Go to Sleep Already!
Unless you’re up late watching Game of Thrones to avoid spoilers tomorrow—we totally get it—head to bed. “Not getting enough sleep is associated with hunger and increases your risk for obesity,” says Neil Kline, DO, a spokesperson for the American Sleep Association. Blame your hormones for this one: With sleep loss, leptin drops and ghrelin rises, making you more likely to eat. Clock your seven to nine hours and tip the scale in your favor.
Perimenopausal hormonal changes can disrupt sleep patterns. “This may make you tired during the day and impact hormones that influence your appetite,” explains Neil Kline, DO, a spokesperson for the American Sleep Association. Quick naps (think 30 minutes) can re-energize you. When naps aren’t possible, improve your sleep hygiene: Limit caffeine to mornings, take your bedroom temperature down to between 60 and 67 degrees and practice relaxation techniques like meditation.
Up the Cardio
As hormones fluctuate during the transition to menopause, women are more likely to gain body fat, especially in the abdominal area, according to experts. The most effective type of exercise to blast ab fat is cardio. To slim down, you’ll need more than 2.5 hours of moderate activity (like brisk walks) or more than 75 minutes of vigorous activity (like running) per week.
Monitor Your Meds
Oh, what a bitter pill: Medication you take to feel better can make you feel worse—thanks to excess pounds. “Many antidepressants, steroids, antihistamines and beta blockers can be culprits,” says New Orleans–based obesity researcher Donna Ryan, MD. “Talk to your doctor about alternatives.

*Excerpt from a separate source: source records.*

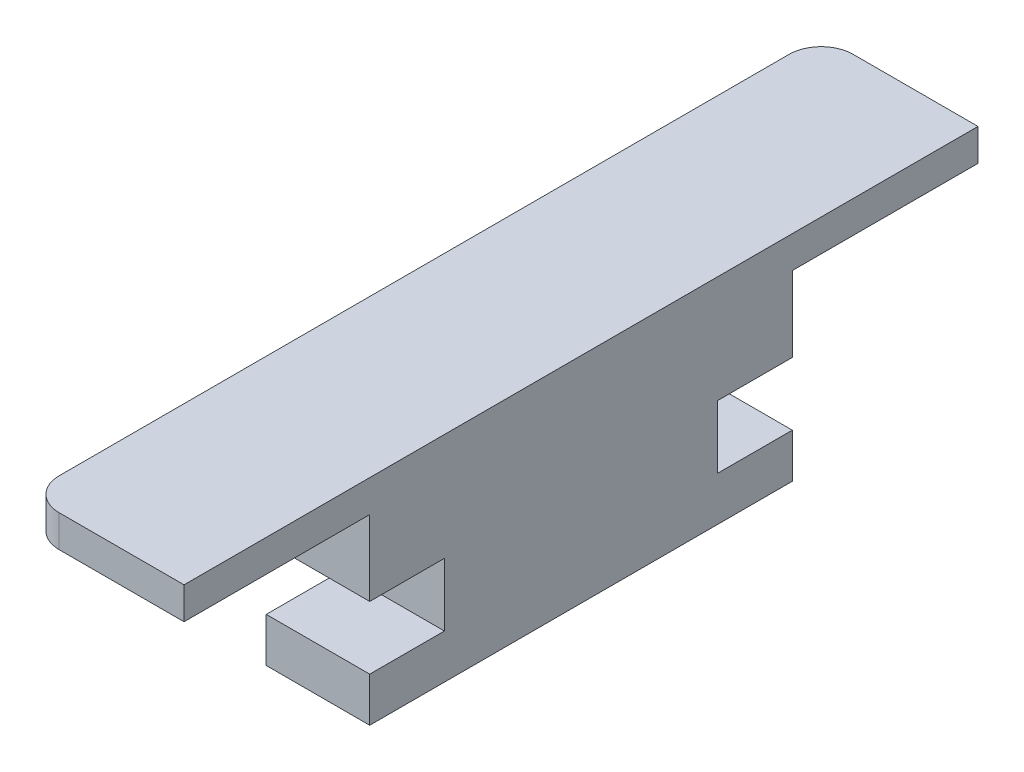
SolidWorks part; units mm, degrees
ref_plane "Front Plane" through (0, 0, 0) normal (0, 0, 1) x (1, 0, 0)
ref_plane "Top Plane" through (0, 0, 0) normal (0, 1, 0) x (1, 0, 0)
ref_plane "Right Plane" through (0, 0, 0) normal (1, 0, 0) x (0, 0, -1)
sketch "Sketch1" plane through (0, 0, 0) normal (0, 1, 0) x (1, 0, 0)
  line L0 (1.0057, -6.715) -> (1.0057, 13.085)
  line L1 (1.0057, 13.085) -> (75.8057, 13.085)
  line L2 (1.0057, -6.715) -> (10.7057, -6.715)
  line L3 (10.7057, -6.715) -> (10.7057, 7.685)
  line L4 (10.7057, -13.515) -> (10.7057, 7.685)
  line L5 (30.7855, -6.715) -> (75.8057, -6.715)
  line L6 (75.8057, -6.715) -> (75.8057, 13.085)
  arc A0 (30.7855, -6.715) -> (10.7057, 7.685) centre (10.7057, -13.515) ccw
  arc A1 (10.7057, 7.685) -> (33.7057, -6.715) centre (10.7057, -17.8831) cw
  arc A2 (10.7057, 7.685) -> (33.7057, -6.715) centre (13.0157, -14.1934) cw
  dimension "D2" = 21.2
  dimension "D1" = 9.7
  dimension "D3" = 19.8
  dimension "D4" = 74.8
  dimension "D5" = 14.4
  dimension "D6" = 19.8
  dimension "D7" = 23
extrude "Boss-Extrude1" add sketch "Sketch1" along normal blind 15.3 contours A0 L5 L6 L1 L0 L2 L3
sketch "Sketch4" plane through (75.8057, 0, 0) normal (1, 0, 0) x (0, 0, -1)
  line L0 (-6.715, 4.35) -> (0.285, 4.35)
  line L1 (-6.715, 15.3) -> (-6.715, 0) construction
  line L2 (0.285, 4.35) -> (0.285, 10.25)
  line L3 (0.285, 10.25) -> (-6.715, 10.25)
  line L4 (-6.715, 10.25) -> (-6.715, 4.35)
  line L5 (-6.715, 0) -> (13.085, 0) construction
  dimension "D1" = 7
  dimension "D2" = 5.9
  dimension "D3" = 4.35
extrude "Cut-Extrude1" cut sketch "Sketch4" against normal through all
sketch "Sketch5" plane through (0, 15.3, 0) normal (0, 1, 0) x (1, 0, 0)
  line L1 (1.0057, 13.085) -> (75.8057, 13.085)
  line L2 (1.0057, 13.085) -> (1.0057, -6.715)
  line L3 (1.0057, -6.715) -> (75.8057, -6.715)
  line L4 (75.8057, 13.085) -> (75.8057, -6.715)
extrude "Boss-Extrude2" add sketch "Sketch5" along normal blind 2
sketch "Sketch6" plane through (0, 0, -13.085) normal (0, 0, -1) x (-1, 0, 0)
  line L0 (-75.8057, 17.3) -> (-75.8057, 20.3)
  line L1 (-1.0057, 17.3) -> (-1.0057, 20.3)
  line L2 (-1.0057, 20.3) -> (-75.8057, 20.3)
  line L3 (-75.8057, 17.3) -> (-1.0057, 17.3)
  dimension "D1" = 3
extrude "Boss-Extrude3" add sketch "Sketch6" against normal blind 37.2
sketch "Sketch7" plane through (1.0057, 0, 0) normal (-1, 0, 0) x (0, 0, 1)
  line L1 (24.115, 17.3) -> (-13.085, 17.3)
  line L2 (24.115, 17.3) -> (24.115, 20.3)
  line L3 (24.115, 20.3) -> (-13.085, 20.3)
  line L4 (-13.085, 17.3) -> (-13.085, 20.3)
extrude "Boss-Extrude4" add sketch "Sketch7" along normal blind 5
fillet "Fillet1" radius 3 1 edges at (-3.9943, 18.8, 24.115)
sketch "Sketch8" plane through (0, 20.3, 0) normal (0, 1, 0) x (1, 0, 0)
  line L0 (75.8057, 13.085) -> (90.8057, 13.085)
  line L1 (90.8057, 13.085) -> (90.8057, -3.0727)
  line L2 (75.8057, 13.085) -> (75.8057, -24.115)
  arc A0 (90.8057, -3.0727) -> (75.8057, -24.115) centre (68.5463, -3.0727) cw
  dimension "D1" = 15
  dimension "D2" = 16.1576
extrude "Boss-Extrude5" add sketch "Sketch8" against normal blind 23.3
fillet "Fillet2" radius 2 2 edges at (90.8057, -3, -5.0062) (86.6718, -3, 15.9934)
sketch "Sketch10" plane through (0, 0, 0) normal (0, -1, 0) x (-1, 0, 0)
  line L1 (-1.0057, -6.715) -> (-75.8057, -6.715)
  line L2 (-1.0057, -6.715) -> (-1.0057, 13.085)
  line L3 (-1.0057, 13.085) -> (-75.8057, 13.085)
  line L4 (-75.8057, -6.715) -> (-75.8057, 13.085)
extrude "Cut-Extrude2" cut sketch "Sketch10" against normal blind 0.2
sketch "Sketch11" plane through (0, -3, 0) normal (0, -1, 0) x (-1, 0, 0)
  line L0 (-75.8057, 13.085) -> (-75.8057, 3.085)
  line L1 (-75.8057, 13.085) -> (-75.8057, -21.9868) construction
  line L2 (-75.8057, 13.085) -> (-83.3057, 13.085)
  line L3 (-88.8057, 13.085) -> (-75.8057, 13.085) construction
  line L4 (-83.3057, 13.085) -> (-83.3057, 8.085)
  arc A1 (-75.8057, 3.085) -> (-83.3057, 8.085) centre (-75.8057, 11.21) cw
  dimension "D1" = 10
  dimension "D2" = 7.5
  dimension "D3" = 5
extrude "Cut-Extrude3" cut sketch "Sketch11" against normal blind 5 draft 30 draft outward yes
sketch "Sketch14" plane through (0, 0, -13.085) normal (0, 0, -1) x (-1, 0, 0)
  line L0 (-72.9189, 2) -> (-73.9582, 0.2)
  line L1 (-73.9582, 0.2) -> (-75.8057, 0.2)
  line L2 (-75.8057, 0.2) -> (-75.8057, 2)
  line L3 (-86.1924, 2) -> (-72.9189, 2) construction
  line L4 (-75.8057, 2) -> (-72.9189, 2)
extrude "Boss-Extrude6" add sketch "Sketch14" against normal blind 15
mirror "Mirror1" about plane through (0, 15.3, -13.085) normal (0, 0, -1) of bodies 111
sketch "Sketch15" plane through (90.8057, 0, 0) normal (1, 0, 0) x (0, 0, -1)
  line L1 (-30.8059, 31.1563) -> (61.6184, 31.1563)
  line L2 (-30.8059, 31.1563) -> (-30.8059, -15.5058)
  line L3 (-30.8059, -15.5058) -> (61.6184, -15.5058)
  line L4 (61.6184, 31.1563) -> (61.6184, -15.5058)
extrude "Cut-Extrude4" cut sketch "Sketch15" against normal up to surface (80.1 mm away)

Some are weight neutral or may even produce weight loss.”
Build Some Lean Muscle
Combining cardio with strength work is very effective at improving your overall shape—so don’t spend every workout on the treadmill only. “You can experience sarcopenia, the loss of muscle with age,” says exercise physiologist Richard Weil, director of the Mount Sinai St Luke’s Weight Loss Program in NYC. “Cardio will break down muscle and lower your resting metabolism.” Bring it back up by getting strength training into the mix.
Shrink Your Eating Window
If you eat dinner early (finish by 6 p.m.) and “breakfast” later (around noon), you’ll expand the time between your last and first meals, a form of intermittent fasting. This practice, which isn’t new but has been getting a lot of buzz, requires a 12- to 18-hour window of not eating to boost your fat burn. It’s an easy way to limit calories without counting them, says registered dietitian Julieanna Hever, RD, author of the The Vegiterranean Diet. Research suggests it may help prevent diseases like diabetes, heart disease and even cancer. Talk to your MD before getting started.
As we get older, we’re more likely to be diagnosed with hypothyroidism, a condition that can lead to weight gain. “Make sure you have your annual physical and get a comprehensive blood test that includes the full thyroid panel,” suggests Alpana Shukla, MD, director of clinical research for the Comprehensive Weight Control Center at Weill Cornell Medicine in NYC. Treatment may help you get rid of extra pounds.
Eat. More. Fiber.
Your metabolism is slowing down but your hunger may not be. Feel fuller by upping your fiber intake with whole grains, legumes, fruits and veggies.